With the choice for these two parties, the Finns make a striking move to the right. In total, two-thirds of voters voted for a right-wing party, one-third for a left-wing one, says professor of political history Juhana Aunesluoma of the University of Helsinki. “Never before has that relationship been so skewed.”
Orpo’s NCP has become the largest right-wing party. Ideologically, it fits in with the liberal-conservative tradition: the government should not make itself too big, let the market do its job. His priority, he said Sunday evening during his victory speech, is to „fix”.
Under the leadership of Marin, who sees a major role for the government as a social democrat, the national debt has risen sharply, to 73 percent of GDP. By way of comparison: in the Netherlands this percentage is less than 50 percent. Surprisingly, Orpo has succeeded in making this rock solid theme, the national debt, the most important election theme.
Also surprising: he managed to appeal to many Finns with a usually not very popular political story. In order to get those public finances healthy again, cutbacks are inevitable, he argued. He wants to cut the classic pillars of the welfare state, such as unemployment benefits. In total, Orpo wants to save 6 billion, Tuesday morning he already warned that “difficult times and tough decisions” await. Marin wanted to avoid austerity and rather reform the tax system.
coalitions
Petteri Orpo grew up in the village of Vuorenmaa in southern Finland, the son of two schoolteachers. He writes that he has only positive memories of his childhood, with two older sisters at home and a lot of scouting and fishing on his personal website. After his military service, he went to study economics at the university in Turku, in the southwestern tip of Finland.
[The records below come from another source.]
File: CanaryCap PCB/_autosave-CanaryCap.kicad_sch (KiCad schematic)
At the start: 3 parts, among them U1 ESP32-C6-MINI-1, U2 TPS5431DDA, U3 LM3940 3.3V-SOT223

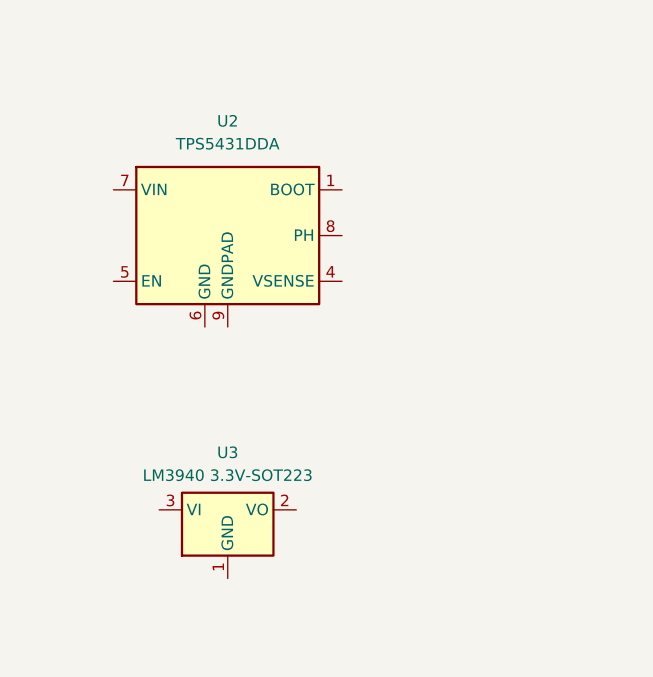
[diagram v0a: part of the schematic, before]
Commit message: Started some basic board definition and component selection DO NOT USE LAYOUT
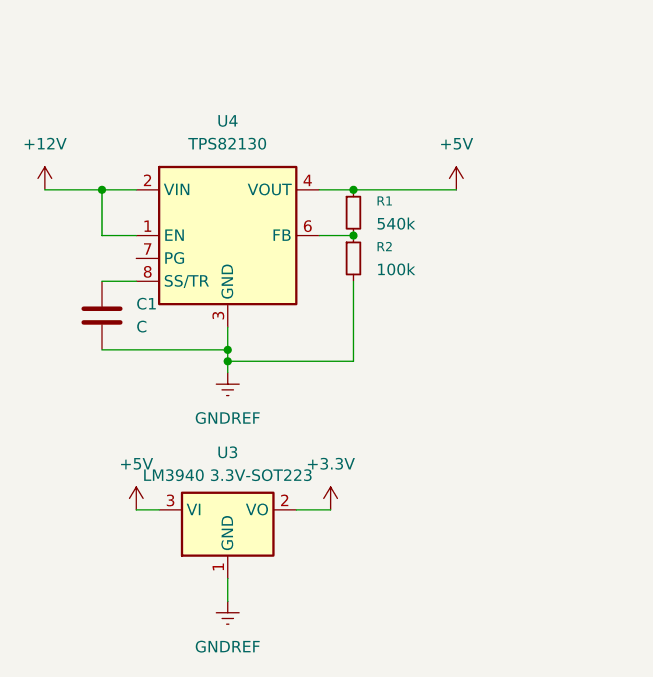
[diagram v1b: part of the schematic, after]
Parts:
- removed U2: TPS5431DDA, Package_SO:TI_SO-PowerPAD-8_ThermalVias, symbol Regulator_Switching:TPS5431DDA
- added C1: C, Capacitor_SMD:C_0603_1608Metric_Pad1.08x0.95mm_HandSolder, symbol Device:C
- added R1: 540k, Resistor_SMD:R_0603_1608Metric_Pad0.98x0.95mm_HandSolder, symbol Device:R_Small
- added R2: 100k, Resistor_SMD:R_0603_1608Metric_Pad0.98x0.95mm_HandSolder, symbol Device:R_Small
- added U4: TPS82130, Package_LGA:Texas_SIL0008D_MicroSiP-8-1EP_2.8x3mm_P0.65mm_EP1.1x1.9mm_ThermalVias, symbol Regulator_Switching:TPS82130
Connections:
- net GNDREF: now also U3.1 (GND), C1.2, R2.2, U4.3 (GND), U4.9 (GND)
- net +3.3V: now reaches U3.2 (VO)
- net +5V: now reaches U3.3 (VI)
- net +5V: now also R1.1, U4.4 (VOUT), U4.5 (VOUT)
- new net: R1.2, R2.1, U4.6 (FB)
- new net: C1.1, U4.8 (SS/TR)
- new net +12V: U4.1 (EN), U4.2 (VIN)

Now in Orpo, father of two teenage children, who has been politically active for 25 years. After several positions in the National Coalition Party, he was elected to the Finnish Parliament in 2007. From 2014 he held various ministerial positions. Now Orpo may hold the highest political office, if he manages to form a coalition.
He has roughly two options, outlines professor Aunesluoma. On the right, with the radical right Finn Party, or on the left, with Marin’s social democrats. If he can continue with one of these two parties, he will also need one or more smaller parties, although some of them have already excluded the Finns. Aunesluoma does not dare to predict which of these combinations is the most promising, both bring their own difficulties.
The Finns Party achieved an exceptionally good result: the best since the party was founded in 1995. Forewoman Riikka Purra (45) even got more preferential votes than anyone else. So she can confidently enter a negotiation. But the party is really very different from Orpo’s NCP: populist, nationalist, anti-immigration. Purra’s favorite topic in the campaign: how Finland should keep immigration to an absolute minimum – although there is already relatively little immigration. The NCP believes that Finland does need immigrants, otherwise there will be too few workers.
The parties also think fundamentally differently about climate and Europe: the Finn Party wants Finland to scale back its climate targets and wants to leave the EU. Another obstacle: some smaller parties have already said they want to join the opposition, or at least not with the Finns in a coalition.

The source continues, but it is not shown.